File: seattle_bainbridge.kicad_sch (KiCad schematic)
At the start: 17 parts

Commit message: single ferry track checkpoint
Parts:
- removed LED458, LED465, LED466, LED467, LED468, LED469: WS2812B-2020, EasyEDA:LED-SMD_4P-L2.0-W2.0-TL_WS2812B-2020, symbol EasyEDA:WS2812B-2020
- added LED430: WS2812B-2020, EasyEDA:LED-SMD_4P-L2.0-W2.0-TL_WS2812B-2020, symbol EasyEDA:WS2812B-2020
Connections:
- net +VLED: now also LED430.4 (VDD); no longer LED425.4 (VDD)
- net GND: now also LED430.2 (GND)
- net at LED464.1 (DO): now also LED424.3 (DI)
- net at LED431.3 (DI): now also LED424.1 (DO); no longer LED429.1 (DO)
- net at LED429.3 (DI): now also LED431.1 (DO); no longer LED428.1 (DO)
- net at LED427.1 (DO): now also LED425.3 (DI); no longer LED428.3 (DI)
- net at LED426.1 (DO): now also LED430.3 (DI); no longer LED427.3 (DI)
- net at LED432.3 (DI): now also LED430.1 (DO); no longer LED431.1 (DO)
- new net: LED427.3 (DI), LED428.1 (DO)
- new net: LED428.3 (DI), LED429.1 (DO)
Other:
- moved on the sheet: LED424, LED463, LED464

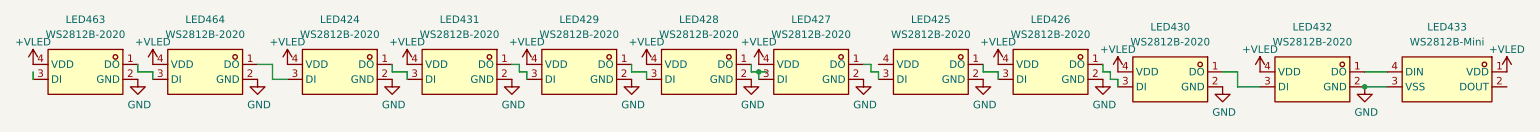
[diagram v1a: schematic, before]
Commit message: Add rail labels
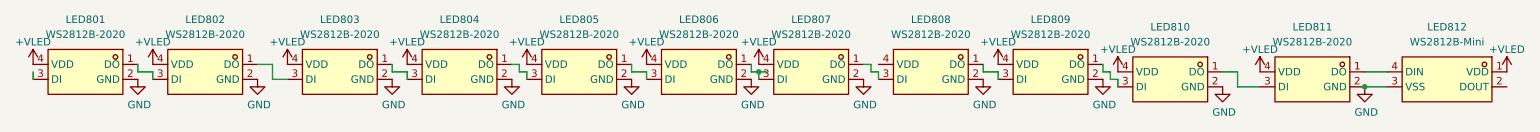
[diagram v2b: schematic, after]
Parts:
- renumbered LED463 to LED801, LED464 to LED802, LED424 to LED803, LED431 to LED804, LED429 to LED805, LED428 to LED806, LED427 to LED807, LED425 to LED808, LED426 to LED809, LED430 to LED810, LED432 to LED811, LED433 to LED812
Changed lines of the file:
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@@
 		(dnp no)
 		(fields_autoplaced yes)
-		(property "Reference" "LED463"
+		(property "Reference" "LED801"
 			(at 38.1 25.4 0)
 			(show_name no)
@@
 			(project "transit"
 				(path "/3763eade-a8c8-4ec0-9cf2-9db4442b4ee5/153adc6e-a3b0-4527-a19a-87e28aab4b4d/86a069a2-ad7e-42b0-b4a6-72695a03f729"
-					(reference "LED463")
+					(reference "LED801")
 					(unit 1)
 				)
@@
 		(in_pos_files yes)
 		(dnp no)
-		(property "Reference" "LED432"
+		(property "Reference" "LED811"
 			(at 246.38 26.67 0)
 			(show_name no)
@@
 			(project "transit"
 				(path "/3763eade-a8c8-4ec0-9cf2-9db4442b4ee5/153adc6e-a3b0-4527-a19a-87e28aab4b4d/86a069a2-ad7e-42b0-b4a6-72695a03f729"
-					(reference "LED432")
+					(reference "LED811")
 					(unit 1)
 				)
@@
 		(in_pos_files yes)
 		(dnp no)
-		(property "Reference" "LED431"
+		(property "Reference" "LED804"
 			(at 101.6 25.4 0)
 			(show_name no)
@@
 			(project "transit"
 				(path "/3763eade-a8c8-4ec0-9cf2-9db4442b4ee5/153adc6e-a3b0-4527-a19a-87e28aab4b4d/86a069a2-ad7e-42b0-b4a6-72695a03f729"
-					(reference "LED431")
+					(reference "LED804")
 					(unit 1)
 				)
@@
 		(dnp no)
 		(fields_autoplaced yes)
-		(property "Reference" "LED430"
+		(property "Reference" "LED810"
 			(at 222.25 26.67 0)
 			(show_name no)
@@
 			(project "transit"
 				(path "/3763eade-a8c8-4ec0-9cf2-9db4442b4ee5/153adc6e-a3b0-4527-a19a-87e28aab4b4d/86a069a2-ad7e-42b0-b4a6-72695a03f729"
-					(reference "LED430")
+					(reference "LED810")
 					(unit 1)
 				)
@@
 		(in_pos_files yes)
 		(dnp no)
-		(property "Reference" "LED433"
+		(property "Reference" "LED812"
 			(at 269.24 26.67 0)
 			(show_name no)
@@
 			(project "transit"
 				(path "/3763eade-a8c8-4ec0-9cf2-9db4442b4ee5/153adc6e-a3b0-4527-a19a-87e28aab4b4d/86a069a2-ad7e-42b0-b4a6-72695a03f729"
-					(reference "LED433")
+					(reference "LED812")
 					(unit 1)
 				)
@@
 		(dnp no)
 		(fields_autoplaced yes)
-		(property "Reference" "LED426"
+		(property "Reference" "LED809"
 			(at 201.93 25.4 0)
 			(show_name no)
@@
 			(project "transit"
 				(path "/3763eade-a8c8-4ec0-9cf2-9db4442b4ee5/153adc6e-a3b0-4527-a19a-87e28aab4b4d/86a069a2-ad7e-42b0-b4a6-72695a03f729"
-					(reference "LED426")
+					(reference "LED809")
 					(unit 1)
 				)
@@
 		(dnp no)
 		(fields_autoplaced yes)
-		(property "Reference" "LED464"
+		(property "Reference" "LED802"
 			(at 58.42 25.4 0)
 			(show_name no)
@@
 			(project "transit"
 				(path "/3763eade-a8c8-4ec0-9cf2-9db4442b4ee5/153adc6e-a3b0-4527-a19a-87e28aab4b4d/86a069a2-ad7e-42b0-b4a6-72695a03f729"
-					(reference "LED464")
+					(reference "LED802")
 					(unit 1)
 				)
@@
 		(dnp no)
 		(fields_autoplaced yes)
-		(property "Reference" "LED425"
+		(property "Reference" "LED808"
 			(at 181.61 25.4 0)
 			(show_name no)
@@
 			(project "transit"
 				(path "/3763eade-a8c8-4ec0-9cf2-9db4442b4ee5/153adc6e-a3b0-4527-a19a-87e28aab4b4d/86a069a2-ad7e-42b0-b4a6-72695a03f729"
-					(reference "LED425")
+					(reference "LED808")
 					(unit 1)
 				)
@@
 		(dnp no)
 		(fields_autoplaced yes)
-		(property "Reference" "LED428"
+		(property "Reference" "LED806"
 			(at 142.24 25.4 0)
 			(show_name no)
@@
 			(project "transit"
 				(path "/3763eade-a8c8-4ec0-9cf2-9db4442b4ee5/153adc6e-a3b0-4527-a19a-87e28aab4b4d/86a069a2-ad7e-42b0-b4a6-72695a03f729"
-					(reference "LED428")
+					(reference "LED806")
 					(unit 1)
 				)
@@
 		(dnp no)
 		(fields_autoplaced yes)
-		(property "Reference" "LED429"
+		(property "Reference" "LED805"
 			(at 121.92 25.4 0)
 			(show_name no)
@@
 			(project "transit"
 				(path "/3763eade-a8c8-4ec0-9cf2-9db4442b4ee5/153adc6e-a3b0-4527-a19a-87e28aab4b4d/86a069a2-ad7e-42b0-b4a6-72695a03f729"
-					(reference "LED429")
+					(reference "LED805")
 					(unit 1)
 				)
@@
 		(dnp no)
 		(fields_autoplaced yes)
-		(property "Reference" "LED427"
+		(property "Reference" "LED807"
 			(at 161.29 25.4 0)
 			(show_name no)
@@
 			(project "transit"
 				(path "/3763eade-a8c8-4ec0-9cf2-9db4442b4ee5/153adc6e-a3b0-4527-a19a-87e28aab4b4d/86a069a2-ad7e-42b0-b4a6-72695a03f729"
-					(reference "LED427")
+					(reference "LED807")
 					(unit 1)
 				)
@@
 		(dnp no)
 		(fields_autoplaced yes)
-		(property "Reference" "LED424"
+		(property "Reference" "LED803"
 			(at 81.28 25.4 0)
 			(show_name no)
@@
 			(project "transit"
 				(path "/3763eade-a8c8-4ec0-9cf2-9db4442b4ee5/153adc6e-a3b0-4527-a19a-87e28aab4b4d/86a069a2-ad7e-42b0-b4a6-72695a03f729"
-					(reference "LED424")
-					(unit 1)
-				)
+					(reference "LED803")
+					(unit 1)
+				)

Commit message: junction checkpoint
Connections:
- net +VLED: now also LED808.4 (VDD)
- net at LED802.3 (DI): now also LED803.1 (DO); no longer LED801.1 (DO)
- net at LED801.3 (DI): now also LED802.1 (DO)
- net at LED811.1 (DO): now also LED810.3 (DI); no longer LED812.4 (DIN)
- net at LED810.1 (DO): now also LED809.3 (DI); no longer LED811.3 (DI)
- net at LED804.1 (DO): now also LED803.3 (DI); no longer LED805.3 (DI)
- net at LED804.3 (DI): now also LED805.1 (DO); no longer LED803.1 (DO)
- net at LED809.1 (DO): now also LED808.3 (DI); no longer LED810.3 (DI)
- net at LED812.2 (DOUT): now also LED811.3 (DI)
- net at LED808.1 (DO): now also LED807.3 (DI); no longer LED809.3 (DI)
- net at LED807.1 (DO): now also LED806.3 (DI); no longer LED808.3 (DI)
- net at LED806.1 (DO): now also LED805.3 (DI); no longer LED807.3 (DI)
- new net BAINBRIDGE_X_KINGSTON: LED801.1 (DO)
- new net BREMERTON_BAINBRIDGE: LED812.4 (DIN)
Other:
- moved on the sheet: LED801, LED810, LED811, LED812

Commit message: reflow reference designators
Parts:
- renumbered LED812 to LED801, LED811 to LED802, LED810 to LED803, LED809 to LED804, LED808 to LED805, LED807 to LED806, LED806 to LED807, LED805 to LED808, LED804 to LED809, LED803 to LED810, LED802 to LED811, LED801 to LED812
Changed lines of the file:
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@@
 		(dnp no)
 		(fields_autoplaced yes)
-		(property "Reference" "LED803"
+		(property "Reference" "LED810"
 			(at 110.49 59.055 0)
 			(show_name no)
@@
 			(project "transit"
 				(path "/3763eade-a8c8-4ec0-9cf2-9db4442b4ee5/153adc6e-a3b0-4527-a19a-87e28aab4b4d/86a069a2-ad7e-42b0-b4a6-72695a03f729"
-					(reference "LED803")
+					(reference "LED810")
 					(unit 1)
 				)
@@
 		(dnp no)
 		(fields_autoplaced yes)
-		(property "Reference" "LED801"
+		(property "Reference" "LED812"
 			(at 160.02 59.055 0)
 			(show_name no)
@@
 			(project "transit"
 				(path "/3763eade-a8c8-4ec0-9cf2-9db4442b4ee5/153adc6e-a3b0-4527-a19a-87e28aab4b4d/86a069a2-ad7e-42b0-b4a6-72695a03f729"
-					(reference "LED801")
+					(reference "LED812")
 					(unit 1)
 				)
@@
 		(dnp no)
 		(fields_autoplaced yes)
-		(property "Reference" "LED809"
+		(property "Reference" "LED804"
 			(at 134.62 28.575 0)
 			(show_name no)
@@
 			(project "transit"
 				(path "/3763eade-a8c8-4ec0-9cf2-9db4442b4ee5/153adc6e-a3b0-4527-a19a-87e28aab4b4d/86a069a2-ad7e-42b0-b4a6-72695a03f729"
-					(reference "LED809")
+					(reference "LED804")
 					(unit 1)
 				)
@@
 		(dnp no)
 		(fields_autoplaced yes)
-		(property "Reference" "LED802"
+		(property "Reference" "LED811"
 			(at 135.255 59.055 0)
 			(show_name no)
@@
 			(project "transit"
 				(path "/3763eade-a8c8-4ec0-9cf2-9db4442b4ee5/153adc6e-a3b0-4527-a19a-87e28aab4b4d/86a069a2-ad7e-42b0-b4a6-72695a03f729"
-					(reference "LED802")
+					(reference "LED811")
 					(unit 1)
 				)
@@
 		(in_pos_files yes)
 		(dnp no)
-		(property "Reference" "LED811"
+		(property "Reference" "LED802"
 			(at 90.805 28.575 0)
 			(show_name no)
@@
 			(project "transit"
 				(path "/3763eade-a8c8-4ec0-9cf2-9db4442b4ee5/153adc6e-a3b0-4527-a19a-87e28aab4b4d/86a069a2-ad7e-42b0-b4a6-72695a03f729"
-					(reference "LED811")
+					(reference "LED802")
 					(unit 1)
 				)
@@
 		(dnp no)
 		(fields_autoplaced yes)
-		(property "Reference" "LED807"
+		(property "Reference" "LED806"
 			(at 177.165 28.575 0)
 			(show_name no)
@@
 			(project "transit"
 				(path "/3763eade-a8c8-4ec0-9cf2-9db4442b4ee5/153adc6e-a3b0-4527-a19a-87e28aab4b4d/86a069a2-ad7e-42b0-b4a6-72695a03f729"
-					(reference "LED807")
+					(reference "LED806")
 					(unit 1)
 				)
@@
 		(dnp no)
 		(fields_autoplaced yes)
-		(property "Reference" "LED805"
+		(property "Reference" "LED808"
 			(at 222.25 29.21 0)
 			(show_name no)
@@
 			(project "transit"
 				(path "/3763eade-a8c8-4ec0-9cf2-9db4442b4ee5/153adc6e-a3b0-4527-a19a-87e28aab4b4d/86a069a2-ad7e-42b0-b4a6-72695a03f729"
-					(reference "LED805")
+					(reference "LED808")
 					(unit 1)
 				)
@@
 		(dnp no)
 		(fields_autoplaced yes)
-		(property "Reference" "LED810"
+		(property "Reference" "LED803"
 			(at 112.395 28.575 0)
 			(show_name no)
@@
 			(project "transit"
 				(path "/3763eade-a8c8-4ec0-9cf2-9db4442b4ee5/153adc6e-a3b0-4527-a19a-87e28aab4b4d/86a069a2-ad7e-42b0-b4a6-72695a03f729"
-					(reference "LED810")
+					(reference "LED803")
 					(unit 1)
 				)
@@
 		(dnp no)
 		(fields_autoplaced yes)
-		(property "Reference" "LED808"
+		(property "Reference" "LED805"
 			(at 154.94 28.575 0)
 			(show_name no)
@@
 			(project "transit"
 				(path "/3763eade-a8c8-4ec0-9cf2-9db4442b4ee5/153adc6e-a3b0-4527-a19a-87e28aab4b4d/86a069a2-ad7e-42b0-b4a6-72695a03f729"
-					(reference "LED808")
+					(reference "LED805")
 					(unit 1)
 				)
@@
 		(in_pos_files yes)
 		(dnp no)
-		(property "Reference" "LED812"
+		(property "Reference" "LED801"
 			(at 68.58 28.575 0)
 			(show_name no)
@@
 			(project "transit"
 				(path "/3763eade-a8c8-4ec0-9cf2-9db4442b4ee5/153adc6e-a3b0-4527-a19a-87e28aab4b4d/86a069a2-ad7e-42b0-b4a6-72695a03f729"
-					(reference "LED812")
+					(reference "LED801")
 					(unit 1)
 				)
@@
 		(in_pos_files yes)
 		(dnp no)
-		(property "Reference" "LED804"
+		(property "Reference" "LED809"
 			(at 85.725 58.42 0)
 			(show_name no)
@@
 			(project "transit"
 				(path "/3763eade-a8c8-4ec0-9cf2-9db4442b4ee5/153adc6e-a3b0-4527-a19a-87e28aab4b4d/86a069a2-ad7e-42b0-b4a6-72695a03f729"
-					(reference "LED804")
+					(reference "LED809")
 					(unit 1)
 				)
@@
 		(dnp no)
 		(fields_autoplaced yes)
-		(property "Reference" "LED806"
+		(property "Reference" "LED807"
 			(at 199.39 28.575 0)
 			(show_name no)
@@
 			(project "transit"
 				(path "/3763eade-a8c8-4ec0-9cf2-9db4442b4ee5/153adc6e-a3b0-4527-a19a-87e28aab4b4d/86a069a2-ad7e-42b0-b4a6-72695a03f729"
-					(reference "LED806")
-					(unit 1)
-				)
+					(reference "LED807")
+					(unit 1)
+				)

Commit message: rev-b validation run
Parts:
- LED802, LED803, LED804, LED805, LED806, LED807, LED808, LED809, LED810, LED811, LED812: LCSC Part C965555 -> C52917434
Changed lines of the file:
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@@
 	(paper "A4")
 	(junction
-		(at 99.695 38.735)
-		(diameter 0)
-		(color 0 0 0 0)
-	)
-	(junction
-		(at 99.695 36.195)
-		(diameter 0)
-		(color 0 0 0 0)
-	)
-	(junction
 		(at 78.74 36.195)
 		(diameter 0)
@@
 	(wire
 		(pts
-			(xy 99.695 38.735) (xy 95.885 38.735)
-		)
-		(stroke
-			(width 0)
-			(type default)
-		)
-	)
-	(wire
-		(pts
 			(xy 146.05 37.465) (xy 146.05 38.735)
 		)
@@
 		)
 	)
-	(wire
-		(pts
-			(xy 95.885 36.195) (xy 99.695 36.195)
-		)
-		(stroke
-			(width 0)
-			(type default)
-		)
-	)
 	(global_label "BAINBRIDGE_X_KINGSTON"
 		(shape input)
@@
 			)
 		)
-		(property "Datasheet" "https://lcsc.com/product-detail/Light-Emitting-Diodes-LED_Worldsemi-WS2812B-2020_C965555.html"
+		(property "Datasheet" "https://lcsc.com/product-detail/Light-Emitting-Diodes-LED_Worldsemi-WS2812B-2020_C52917434.html"
 			(at 119.38 79.375 0)
 			(hide yes)
@@
 			)
 		)
-		(property "LCSC Part" "C965555"
+		(property "LCSC Part" "C52917434"
 			(at 119.38 81.915 0)
 			(hide yes)
@@
 			)
 		)
-		(property "Datasheet" "https://lcsc.com/product-detail/Light-Emitting-Diodes-LED_Worldsemi-WS2812B-2020_C965555.html"
+		(property "Datasheet" "https://lcsc.com/product-detail/Light-Emitting-Diodes-LED_Worldsemi-WS2812B-2020_C52917434.html"
 			(at 168.91 79.375 0)
 			(hide yes)
@@
 			)
 		)
-		(property "LCSC Part" "C965555"
+		(property "LCSC Part" "C52917434"
 			(at 168.91 81.915 0)
 			(hide yes)
@@
 			)
 		)
-		(property "Datasheet" "https://lcsc.com/product-detail/Light-Emitting-Diodes-LED_Worldsemi-WS2812B-2020_C965555.html"
+		(property "Datasheet" "https://lcsc.com/product-detail/Light-Emitting-Diodes-LED_Worldsemi-WS2812B-2020_C52917434.html"
 			(at 143.51 48.895 0)
 			(hide yes)
@@
 			)
 		)
-		(property "LCSC Part" "C965555"
+		(property "LCSC Part" "C52917434"
 			(at 143.51 51.435 0)
 			(hide yes)
@@
 			)
 		)
-		(property "Datasheet" "https://lcsc.com/product-detail/Light-Emitting-Diodes-LED_Worldsemi-WS2812B-2020_C965555.html"
+		(property "Datasheet" "https://lcsc.com/product-detail/Light-Emitting-Diodes-LED_Worldsemi-WS2812B-2020_C52917434.html"
 			(at 144.145 79.375 0)
 			(hide yes)
@@
 			)
 		)
-		(property "LCSC Part" "C965555"
+		(property "LCSC Part" "C52917434"
 			(at 144.145 81.915 0)
 			(hide yes)
@@
 			)
 		)
-		(property "Datasheet" "https://lcsc.com/product-detail/Light-Emitting-Diodes-LED_Worldsemi-WS2812B-2020_C965555.html"
+		(property "Datasheet" "https://lcsc.com/product-detail/Light-Emitting-Diodes-LED_Worldsemi-WS2812B-2020_C52917434.html"
 			(at 99.695 48.895 0)
 			(hide yes)
@@
 			)
 		)
-		(property "LCSC Part" "C965555"
+		(property "LCSC Part" "C52917434"
 			(at 99.695 51.435 0)
 			(hide yes)
@@
 			)
 		)
-		(property "Datasheet" "https://lcsc.com/product-detail/Light-Emitting-Diodes-LED_Worldsemi-WS2812B-2020_C965555.html"
+		(property "Datasheet" "https://lcsc.com/product-detail/Light-Emitting-Diodes-LED_Worldsemi-WS2812B-2020_C52917434.html"
 			(at 186.055 48.895 0)
 			(hide yes)
@@
 			)
 		)
-		(property "LCSC Part" "C965555"
+		(property "LCSC Part" "C52917434"
 			(at 186.055 51.435 0)
 			(hide yes)
@@
 			)
 		)
-		(property "Datasheet" "https://lcsc.com/product-detail/Light-Emitting-Diodes-LED_Worldsemi-WS2812B-2020_C965555.html"
+		(property "Datasheet" "https://lcsc.com/product-detail/Light-Emitting-Diodes-LED_Worldsemi-WS2812B-2020_C52917434.html"
 			(at 231.14 49.53 0)
 			(hide yes)
@@
 			)
 		)
-		(property "LCSC Part" "C965555"
+		(property "LCSC Part" "C52917434"
 			(at 231.14 52.07 0)
 			(hide yes)
@@
 			)
 		)
-		(property "Datasheet" "https://lcsc.com/product-detail/Light-Emitting-Diodes-LED_Worldsemi-WS2812B-2020_C965555.html"
+		(property "Datasheet" "https://lcsc.com/product-detail/Light-Emitting-Diodes-LED_Worldsemi-WS2812B-2020_C52917434.html"
 			(at 121.285 48.895 0)
 			(hide yes)
@@
 			)
 		)
-		(property "LCSC Part" "C965555"
+		(property "LCSC Part" "C52917434"
 			(at 121.285 51.435 0)
 			(hide yes)
@@
 			)
 		)
-		(property "Datasheet" "https://lcsc.com/product-detail/Light-Emitting-Diodes-LED_Worldsemi-WS2812B-2020_C965555.html"
+		(property "Datasheet" "https://lcsc.com/product-detail/Light-Emitting-Diodes-LED_Worldsemi-WS2812B-2020_C52917434.html"
 			(at 163.83 48.895 0)
 			(hide yes)
@@
 			)
 		)
-		(property "LCSC Part" "C965555"
+		(property "LCSC Part" "C52917434"
 			(at 163.83 51.435 0)
 			(hide yes)
@@
 			)
 		)
-		(property "Datasheet" "https://lcsc.com/product-detail/Light-Emitting-Diodes-LED_Worldsemi-WS2812B-2020_C965555.html"
+		(property "Datasheet" "https://lcsc.com/product-detail/Light-Emitting-Diodes-LED_Worldsemi-WS2812B-2020_C52917434.html"
 			(at 94.615 78.74 0)
 			(hide yes)
@@
 			)
 		)
-		(property "LCSC Part" "C965555"
+		(property "LCSC Part" "C52917434"
 			(at 94.615 81.28 0)
 			(hide yes)
@@
 			)
 		)
-		(property "Datasheet" "https://lcsc.com/product-detail/Light-Emitting-Diodes-LED_Worldsemi-WS2812B-2020_C965555.html"
+		(property "Datasheet" "https://lcsc.com/product-detail/Light-Emitting-Diodes-LED_Worldsemi-WS2812B-2020_C52917434.html"
 			(at 208.28 48.895 0)
 			(hide yes)
@@
 			)
 		)
-		(property "LCSC Part" "C965555"
+		(property "LCSC Part" "C52917434"
 			(at 208.28 51.435 0)
 			(hide yes)

--------------------------------

#### [Work instruction]
Wherever a line holds the word "message", copy that line out of the entries above.

#### [Response to this task]
Commit message: single ferry track checkpoint
Commit message: Add rail labels
Commit message: junction checkpoint
Commit message: reflow reference designators
Commit message: rev-b validation run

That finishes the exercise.